[Opening The input section]
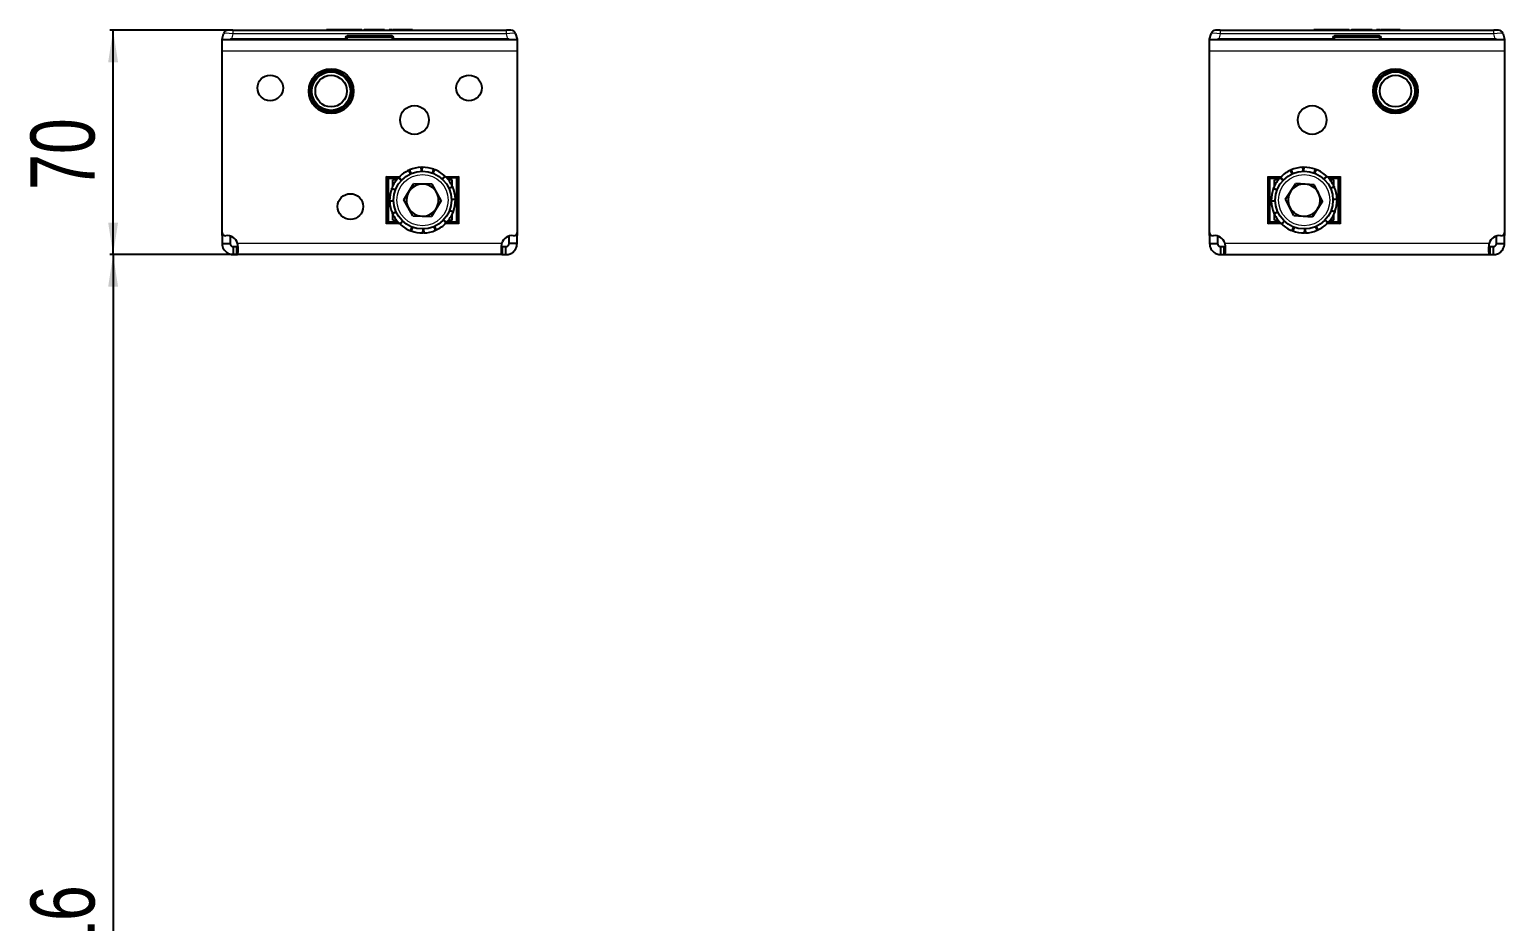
# Model space of a CAD drawing. Header units: millimetres. Extents: x 0 to 1651, y -357 to 576.
# Drawn here: x 3.3 to 463.4, y -78.7 to 199.5 of the extents above; entities that cross this region are included whole.
import ezdxf

# ---------------------------------------------------------------- set-up
doc = ezdxf.new("R2010")
doc.units = ezdxf.units.MM
doc.layers.add('FORMAT', color=7, linetype='Continuous')
doc.styles.add('SLDTEXTSTYLE0', font='TXT', dxfattribs={"width": 0.75})
doc.dimstyles.new('SLDDIMSTYLE0', dxfattribs={"dimtxt": 20, "dimasz": 10, "dimexe": 0, "dimexo": 0.0625, "dimgap": 5, "dimtad": 2, "dimdec": 1, "dimrnd": 1e-09, "dimzin": 12, "dimdsep": 46, "dimtxsty": 'SLDTEXTSTYLE0', "dimsah": 1, "dimcen": 0.09, "dimadec": 0, "dimazin": 3, "dimtfac": 1, "dimtofl": 0, "dimtmove": 0, "dimatfit": 3, "dimfxl": 0, "dimfrac": 2, "dimtolj": 1, "dimtzin": 12, "dimarcsym": 0})

# ---------------------------------------------------------------- blocks, each defined once
blk = doc.blocks.new('_D_5')
at = {"layer": 'FORMAT'}
for p, q in [((65.28, 199.29), (28.38, 199.29)), ((29.38, 129.29), (29.38, 199.29)), ((67.96, 129.29), (28.38, 129.29))]:
    blk.add_line(p, q, dxfattribs=at)
for points in [[(29.38, 199.29), (27.84, 189.29), (30.92, 189.29)], [(29.38, 129.29), (30.92, 139.29), (27.84, 139.29)]]:
    blk.add_solid(points, dxfattribs=at)
at = {"layer": 'FORMAT', "insert": (3.6, 149.51), "char_height": 20, "attachment_point": 1, "rotation": 90, "style": 'SLDTEXTSTYLE0'}
blk.add_mtext('70', dxfattribs=at)
blk = doc.blocks.new('_D_6')
at = {"layer": 'FORMAT'}
for p, q in [((67.96, 129.29), (28.38, 129.29)), ((29.38, 129.29), (29.38, -286.71)), ((67.96, -286.71), (28.38, -286.71))]:
    blk.add_line(p, q, dxfattribs=at)
for points in [[(29.38, 129.29), (27.84, 119.29), (30.92, 119.29)], [(29.38, -286.71), (30.92, -276.71), (27.84, -276.71)]]:
    blk.add_solid(points, dxfattribs=at)
at = {"layer": 'FORMAT', "insert": (3.6, -100.88), "char_height": 20, "attachment_point": 1, "rotation": 90, "style": 'SLDTEXTSTYLE0'}
blk.add_mtext('416', dxfattribs=at)

msp = doc.modelspace()

# ---------------------------------------------------------------- linework, layer by layer
at = {"color": 7, "linetype": 'Continuous', "lineweight": 25}
for p, q in [((63.39, 196.49), (63.84, 198.18)), ((66.74, 199.29), (65.29, 199.29)), ((66.74, 199.29), (152.04, 199.29)), ((95.96, 199.49), (95.96, 199.29)), ((101.61, 199.49), (101.67, 199.49)), ((101.67, 199.49), (101.67, 199.29)), ((101.67, 199.49), (102.8, 199.49)), ((102.8, 199.49), (102.8, 199.29)), ((102.8, 199.49), (105.47, 199.49)), ((105.47, 199.49), (105.47, 199.29)), ((105.47, 199.49), (106.96, 199.49)), ((106.96, 199.49), (106.96, 199.29)), ((107.77, 199.51), (107.77, 199.29)), ((111.24, 199.49), (114.07, 199.49)), ((114.07, 199.49), (114.07, 199.29)), ((115.21, 199.49), (115.21, 199.29)), ((115.46, 199.49), (115.46, 199.29)), ((116.7, 199.49), (116.7, 199.29)), ((117.13, 199.49), (122.38, 199.49)), ((122.81, 199.49), (122.81, 199.29)), ((153.48, 199.29), (152.04, 199.29)), ((154.93, 198.18), (155.39, 196.49)), ((371.39, 196.49), (371.84, 198.18)), ((374.74, 199.29), (373.29, 199.29)), ((374.74, 199.29), (460.04, 199.29)), ((403.96, 199.49), (403.96, 199.29)), ((409.61, 199.49), (409.67, 199.49)), ((409.67, 199.49), (409.67, 199.29)), ((409.67, 199.49), (410.8, 199.49)), ((410.8, 199.49), (410.8, 199.29)), ((410.8, 199.49), (413.47, 199.49)), ((413.47, 199.49), (413.47, 199.29)), ((413.47, 199.49), (414.96, 199.49)), ((414.96, 199.49), (414.96, 199.29)), ((415.77, 199.51), (415.77, 199.29)), ((419.24, 199.49), (422.07, 199.49)), ((422.07, 199.49), (422.07, 199.29)), ((423.21, 199.49), (423.21, 199.29)), ((423.46, 199.49), (423.46, 199.29)), ((424.7, 199.49), (424.7, 199.29)), ((425.13, 199.49), (430.38, 199.49)), ((430.81, 199.49), (430.81, 199.29)), ((461.48, 199.29), (460.04, 199.29)), ((462.93, 198.18), (463.39, 196.49)), ((63.39, 196.29), (63.39, 196.49)), ((155.39, 196.29), (63.39, 196.29)), ((63.39, 192.79), (63.39, 196.29)), ((101.89, 196.49), (66.28, 196.49)), ((101.89, 196.99), (101.89, 196.49)), ((101.89, 196.29), (101.89, 196.49)), ((116.39, 197.49), (102.39, 197.49)), ((116.89, 196.49), (116.89, 196.99)), ((152.49, 196.49), (116.89, 196.49)), ((116.89, 196.29), (116.89, 196.49)), ((155.39, 196.49), (155.39, 196.29)), ((155.39, 196.29), (155.39, 192.79)), ((371.39, 196.29), (371.39, 196.49)), ((371.39, 192.79), (371.39, 196.29)), ((463.39, 196.29), (371.39, 196.29)), ((409.89, 196.49), (374.28, 196.49)), ((409.89, 196.99), (409.89, 196.49)), ((409.89, 196.29), (409.89, 196.49)), ((424.39, 197.49), (410.39, 197.49)), ((424.89, 196.49), (424.89, 196.99)), ((460.49, 196.49), (424.89, 196.49)), ((424.89, 196.29), (424.89, 196.49)), ((463.39, 196.49), (463.39, 196.29)), ((463.39, 196.29), (463.39, 192.79)), ((63.39, 136.19), (63.39, 192.79)), ((155.39, 192.79), (155.39, 136.19)), ((371.39, 136.19), (371.39, 192.79)), ((463.39, 192.79), (463.39, 136.19)), ((125.54, 155.28), (125.49, 156.53)), ((125.74, 156.54), (125.66, 155.28)), ((400.54, 155.28), (400.5, 156.53)), ((400.75, 156.54), (400.67, 155.28)), ((114.89, 153.29), (114.54, 153.64)), ((118.4, 153.29), (114.89, 153.29)), ((114.89, 153.29), (114.89, 139.29)), ((115.24, 152.94), (114.89, 153.29)), ((117.8, 152.59), (116.64, 152.59)), ((116.64, 150.7), (116.64, 152.59)), ((119.28, 152.4), (118.36, 153.25)), ((118.54, 153.43), (119.37, 152.49)), ((118.89, 153.04), (118.89, 152.77)), ((122.12, 154.46), (121.6, 155.6)), ((121.83, 155.7), (122.24, 154.51)), ((129.01, 154.73), (129.44, 155.9)), ((129.67, 155.81), (129.12, 154.68)), ((132, 152.89), (132.85, 153.81)), ((133.03, 153.64), (132.09, 152.81)), ((136.89, 153.29), (133.37, 153.29)), ((135.14, 152.59), (133.97, 152.59)), ((135.14, 150.7), (135.14, 152.59)), ((137.24, 153.64), (136.89, 153.29)), ((136.89, 153.29), (136.89, 139.29)), ((389.54, 153.64), (389.89, 153.29)), ((389.89, 139.29), (389.89, 153.29)), ((389.89, 153.29), (393.4, 153.29)), ((389.89, 153.29), (390.24, 152.94)), ((392.8, 152.59), (391.64, 152.59)), ((391.64, 150.7), (391.64, 152.59)), ((394.28, 152.4), (393.37, 153.25)), ((393.54, 153.43), (394.37, 152.5)), ((393.89, 153.04), (393.89, 152.77)), ((397.13, 154.46), (396.61, 155.6)), ((396.83, 155.7), (397.24, 154.52)), ((404.01, 154.73), (404.44, 155.9)), ((404.68, 155.81), (404.13, 154.68)), ((407, 152.89), (407.85, 153.81)), ((408.03, 153.63), (407.09, 152.8)), ((411.89, 153.29), (408.37, 153.29)), ((410.14, 152.59), (408.97, 152.59)), ((410.14, 150.7), (410.14, 152.59)), ((411.54, 152.94), (411.89, 153.29)), ((411.89, 153.29), (412.24, 153.64)), ((411.89, 139.29), (411.89, 153.29)), ((117.44, 149.41), (116.27, 149.84)), ((116.36, 150.07), (117.49, 149.53)), ((120.11, 146.42), (123.12, 151.35)), ((128.89, 151.22), (123.12, 151.35)), ((131.66, 146.15), (128.89, 151.22)), ((134.06, 150.05), (135.2, 150.57)), ((135.3, 150.34), (134.11, 149.93)), ((392.45, 149.41), (391.27, 149.85)), ((391.36, 150.08), (392.49, 149.53)), ((395.12, 146.63), (398.3, 151.45)), ((404.06, 151.11), (398.3, 151.45)), ((406.65, 145.95), (404.06, 151.11)), ((409.06, 150.05), (410.2, 150.57)), ((410.3, 150.34), (409.12, 149.93)), ((115.64, 146.14), (116.89, 146.07)), ((116.89, 145.94), (115.64, 145.89)), ((116.47, 142.23), (117.66, 142.64)), ((122.88, 141.35), (120.11, 146.42)), ((131.66, 146.15), (128.66, 141.22)), ((135.41, 142.5), (134.28, 143.05)), ((134.33, 143.17), (135.5, 142.73)), ((134.88, 146.63), (136.13, 146.68)), ((136.13, 146.43), (134.88, 146.51)), ((390.64, 146.15), (391.89, 146.07)), ((391.89, 145.94), (390.64, 145.9)), ((391.47, 142.23), (392.66, 142.64)), ((397.71, 141.46), (395.12, 146.63)), ((406.65, 145.95), (403.47, 141.13)), ((410.41, 142.49), (409.28, 143.04)), ((409.33, 143.16), (410.5, 142.73)), ((409.88, 146.63), (411.13, 146.68)), ((411.13, 146.43), (409.88, 146.5)), ((114.89, 139.29), (114.54, 138.94)), ((115.24, 139.64), (114.89, 139.29)), ((114.89, 139.29), (118.4, 139.29)), ((117.71, 142.52), (116.57, 142)), ((116.64, 139.99), (116.64, 141.87)), ((116.64, 139.99), (117.8, 139.99)), ((118.74, 138.94), (119.68, 139.77)), ((119.77, 139.68), (118.92, 138.76)), ((122.88, 141.35), (128.66, 141.22)), ((129.94, 136.87), (129.53, 138.06)), ((129.65, 138.11), (130.17, 136.98)), ((133.24, 139.14), (132.4, 140.08)), ((132.49, 140.17), (133.41, 139.32)), ((136.89, 139.29), (133.37, 139.29)), ((133.97, 139.99), (135.14, 139.99)), ((135.14, 139.99), (135.14, 141.87)), ((136.89, 139.29), (136.54, 139.64)), ((137.24, 138.94), (136.89, 139.29)), ((389.54, 138.94), (389.89, 139.29)), ((389.89, 139.29), (390.24, 139.64)), ((393.4, 139.29), (389.89, 139.29)), ((392.71, 142.53), (391.57, 142.01)), ((391.64, 139.99), (391.64, 141.87)), ((391.64, 139.99), (392.8, 139.99)), ((393.74, 138.94), (394.68, 139.77)), ((394.77, 139.69), (393.92, 138.77)), ((397.71, 141.46), (403.47, 141.13)), ((404.94, 136.87), (404.53, 138.06)), ((404.64, 138.11), (405.17, 136.97)), ((408.23, 139.14), (407.4, 140.08)), ((407.49, 140.17), (408.4, 139.32)), ((408.37, 139.29), (411.89, 139.29)), ((408.97, 139.99), (410.14, 139.99)), ((410.14, 139.99), (410.14, 141.87)), ((411.54, 139.64), (411.89, 139.29)), ((411.89, 139.29), (412.24, 138.94)), ((63.39, 135.29), (63.39, 136.19)), ((63.39, 135.29), (63.39, 132.79)), ((65.89, 135.07), (65.89, 132.79)), ((122.1, 136.76), (122.65, 137.89)), ((122.77, 137.85), (122.33, 136.67)), ((126.03, 136.04), (126.11, 137.29)), ((126.23, 137.29), (126.28, 136.04)), ((152.89, 132.79), (152.89, 135.07)), ((155.39, 136.19), (155.39, 135.29)), ((155.39, 132.79), (155.39, 135.29)), ((371.39, 135.29), (371.39, 136.19)), ((371.39, 135.29), (371.39, 132.79)), ((373.89, 135.07), (373.89, 132.79)), ((397.09, 136.76), (397.64, 137.89)), ((397.76, 137.85), (397.33, 136.67)), ((401.03, 136.04), (401.1, 137.29)), ((401.23, 137.29), (401.28, 136.04)), ((460.89, 132.79), (460.89, 135.07)), ((463.39, 136.19), (463.39, 135.29)), ((463.39, 132.79), (463.39, 135.29)), ((63.39, 132.79), (65.89, 132.79)), ((66.89, 131.79), (67.97, 131.79)), ((66.89, 129.29), (66.89, 131.79)), ((66.89, 129.29), (67.97, 129.29)), ((67.97, 129.29), (67.97, 131.79)), ((150.8, 129.29), (67.97, 129.29)), ((150.8, 129.29), (150.8, 131.79)), ((150.8, 131.79), (151.89, 131.79)), ((150.8, 129.29), (151.89, 129.29)), ((151.89, 129.29), (151.89, 131.79)), ((155.39, 132.79), (152.89, 132.79)), ((371.39, 132.79), (373.89, 132.79)), ((374.89, 131.79), (375.97, 131.79)), ((374.89, 129.29), (374.89, 131.79)), ((374.89, 129.29), (375.97, 129.29)), ((375.97, 129.29), (375.97, 131.79)), ((375.97, 129.29), (458.8, 129.29)), ((458.8, 131.79), (458.8, 129.29)), ((458.8, 131.79), (459.89, 131.79)), ((458.8, 129.29), (459.89, 129.29)), ((459.89, 131.79), (459.89, 129.29)), ((460.89, 132.79), (463.39, 132.79))]:
    msp.add_line(p, q, dxfattribs=at)
at = {"color": 8, "linetype": 'Continuous', "lineweight": 18}
for p, q in [((66.74, 198.18), (66.28, 196.49)), ((66.74, 199.29), (66.74, 198.18)), ((152.04, 198.18), (66.74, 198.18)), ((98.07, 199.49), (98.07, 199.29)), ((108.88, 199.49), (108.88, 199.29)), ((111.24, 199.49), (111.24, 199.29)), ((117.13, 199.49), (117.13, 199.29)), ((122.38, 199.49), (122.38, 199.29)), ((152.04, 198.18), (152.04, 199.29)), ((152.49, 196.49), (152.04, 198.18)), ((374.74, 198.18), (374.28, 196.49)), ((374.74, 199.29), (374.74, 198.18)), ((460.04, 198.18), (374.74, 198.18)), ((406.07, 199.49), (406.07, 199.29)), ((416.88, 199.49), (416.88, 199.29)), ((419.24, 199.49), (419.24, 199.29)), ((425.13, 199.49), (425.13, 199.29)), ((430.38, 199.49), (430.38, 199.29)), ((460.04, 198.18), (460.04, 199.29)), ((460.49, 196.49), (460.04, 198.18)), ((102.39, 196.99), (101.89, 196.99)), ((102.39, 196.99), (102.39, 197.49)), ((116.39, 196.99), (102.39, 196.99)), ((102.39, 196.99), (102.39, 196.29)), ((116.39, 196.99), (116.39, 197.49)), ((116.39, 196.29), (116.39, 196.99)), ((116.39, 196.99), (116.89, 196.99)), ((410.39, 196.99), (409.89, 196.99)), ((410.39, 196.99), (410.39, 197.49)), ((410.39, 196.99), (410.39, 196.29)), ((424.39, 196.99), (410.39, 196.99)), ((424.39, 196.99), (424.39, 197.49)), ((424.39, 196.99), (424.89, 196.99)), ((424.39, 196.29), (424.39, 196.99)), ((155.39, 192.79), (63.39, 192.79)), ((463.39, 192.79), (371.39, 192.79)), ((114.54, 138.94), (114.54, 153.64)), ((114.54, 153.64), (118.74, 153.64)), ((118.09, 152.94), (115.24, 152.94)), ((115.24, 152.94), (115.24, 139.64)), ((132.69, 153.64), (133.03, 153.64)), ((133.03, 153.64), (137.24, 153.64)), ((136.54, 139.64), (136.54, 153.29)), ((137.24, 153.64), (137.24, 138.94)), ((389.54, 138.94), (389.54, 153.64)), ((389.54, 153.64), (393.74, 153.64)), ((393.09, 152.94), (390.24, 152.94)), ((390.24, 152.94), (390.24, 139.64)), ((407.7, 153.64), (412.24, 153.64)), ((411.54, 152.94), (408.69, 152.94)), ((411.54, 139.64), (411.54, 152.94)), ((412.24, 153.64), (412.24, 138.94)), ((118.74, 138.94), (114.54, 138.94)), ((115.24, 139.64), (118.09, 139.64)), ((119.08, 138.94), (118.74, 138.94)), ((137.24, 138.94), (133.03, 138.94)), ((133.69, 139.64), (136.54, 139.64)), ((394.08, 138.94), (389.54, 138.94)), ((390.24, 139.64), (393.09, 139.64)), ((412.24, 138.94), (408.03, 138.94)), ((408.69, 139.64), (411.54, 139.64)), ((63.95, 135.29), (63.39, 135.29)), ((155.39, 135.29), (154.83, 135.29)), ((371.95, 135.29), (371.39, 135.29)), ((463.39, 135.29), (462.83, 135.29)), ((150.55, 132.79), (68.22, 132.79)), ((458.55, 132.79), (376.22, 132.79))]:
    msp.add_line(p, q, dxfattribs=at)
at = {"color": 7, "linetype": 'Continuous', "lineweight": 25}
for centre, radius in [((78.39, 181.29), 4), ((97.39, 180.29), 7), ((97.39, 180.29), 6.5), ((97.39, 180.29), 6), ((97.39, 180.29), 4.93), ((140.39, 181.29), 4), ((429.39, 180.29), 7), ((429.39, 180.29), 6.5), ((429.39, 180.29), 6), ((429.39, 180.29), 4.93), ((123.39, 171.29), 4.5), ((403.39, 171.29), 4.5), ((125.89, 146.29), 9), ((400.89, 146.29), 9), ((103.39, 144.29), 4)]:
    msp.add_circle(centre, radius, dxfattribs=at)
at = {"color": 8, "linetype": 'Continuous', "lineweight": 18}
for centre, radius in [((97.39, 180.29), 6.25), ((429.39, 180.29), 6.25), ((125.89, 146.29), 8), ((400.89, 146.29), 8)]:
    msp.add_circle(centre, radius, dxfattribs=at)
at = {"color": 7, "linetype": 'Continuous', "lineweight": 25}
for centre, radius, start, end in [((65.29, 197.79), 1.5, 90, 165), ((153.48, 197.79), 1.5, 15, 90), ((373.29, 197.79), 1.5, 90, 165), ((461.48, 197.79), 1.5, 15, 90), ((102.39, 196.99), 0.5, 90, 180), ((116.39, 196.99), 0.5, 0, 90), ((410.39, 196.99), 0.5, 90, 180), ((424.39, 196.99), 0.5, 0, 90), ((125.89, 146.29), 10.25, 92.2104, 113.3145), ((125.89, 146.29), 10.25, 69.7104, 90.8145), ((400.89, 146.29), 10.25, 92.1828, 113.2869), ((400.89, 146.29), 10.25, 69.6828, 90.7869), ((125.89, 146.29), 10.25, 137.2104, 158.3145), ((125.89, 146.29), 10.25, 114.7104, 135.8145), ((125.89, 146.29), 10.25, 47.2104, 68.3145), ((125.89, 146.29), 10.25, 24.7104, 45.8145), ((400.89, 146.29), 10.25, 137.1828, 158.2869), ((400.89, 146.29), 10.25, 114.6828, 135.7869), ((400.89, 146.29), 10.25, 47.1828, 68.2869), ((400.89, 146.29), 10.25, 24.6828, 45.7869), ((125.89, 146.29), 10.25, 159.7104, 180.8145), ((125.89, 146.29), 5, 148.6784, 208.6784), ((125.89, 146.29), 5, 88.6784, 148.6784), ((125.89, 146.29), 5, 28.6784, 88.6784), ((125.89, 146.29), 5, 328.6784, 28.6784), ((125.89, 146.29), 10.25, 2.2104, 23.3145), ((400.89, 146.29), 10.25, 159.6828, 180.7869), ((400.89, 146.29), 5, 146.6352, 206.6352), ((400.89, 146.29), 5, 86.6352, 146.6352), ((400.89, 146.29), 5, 26.6352, 86.6352), ((400.89, 146.29), 5, 326.6352, 26.6352), ((400.89, 146.29), 10.25, 2.1828, 23.2869), ((125.89, 146.29), 10.25, 182.2104, 203.3145), ((125.89, 146.29), 5, 208.6784, 268.6784), ((125.89, 146.29), 5, 268.6784, 328.6784), ((125.89, 146.29), 10.25, 339.7104, 0.8145), ((400.89, 146.29), 10.25, 182.1828, 203.2869), ((400.89, 146.29), 5, 206.6352, 266.6352), ((400.89, 146.29), 5, 266.6352, 326.6352), ((400.89, 146.29), 10.25, 339.6828, 0.7869), ((125.89, 146.29), 10.25, 204.7104, 225.8145), ((125.89, 146.29), 10.25, 227.2104, 248.3145), ((125.89, 146.29), 10.25, 294.7104, 315.8145), ((125.89, 146.29), 10.25, 317.2104, 338.3145), ((400.89, 146.29), 10.25, 204.6828, 225.7869), ((400.89, 146.29), 10.25, 227.1828, 248.2869), ((400.89, 146.29), 10.25, 294.6828, 315.7869), ((400.89, 146.29), 10.25, 317.1828, 338.2869), ((64.39, 136.19), 1, 180, 276.3794), ((64.89, 131.72), 3.5, 17.8253, 96.3794), ((125.89, 146.29), 10.25, 249.7104, 270.8145), ((125.89, 146.29), 10.25, 272.2104, 293.3145), ((153.89, 131.72), 3.5, 83.6206, 162.1747), ((154.39, 136.19), 1, 263.6206, 0), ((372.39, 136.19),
[Closing The input section]
- **Aim of the task**: Of the lines above, show those in which "units" appears.

- **Output for this exercise**:
# Model space of a CAD drawing. Header units: millimetres. Extents: x 0 to 1651, y -357 to 576.
doc.units = ezdxf.units.MM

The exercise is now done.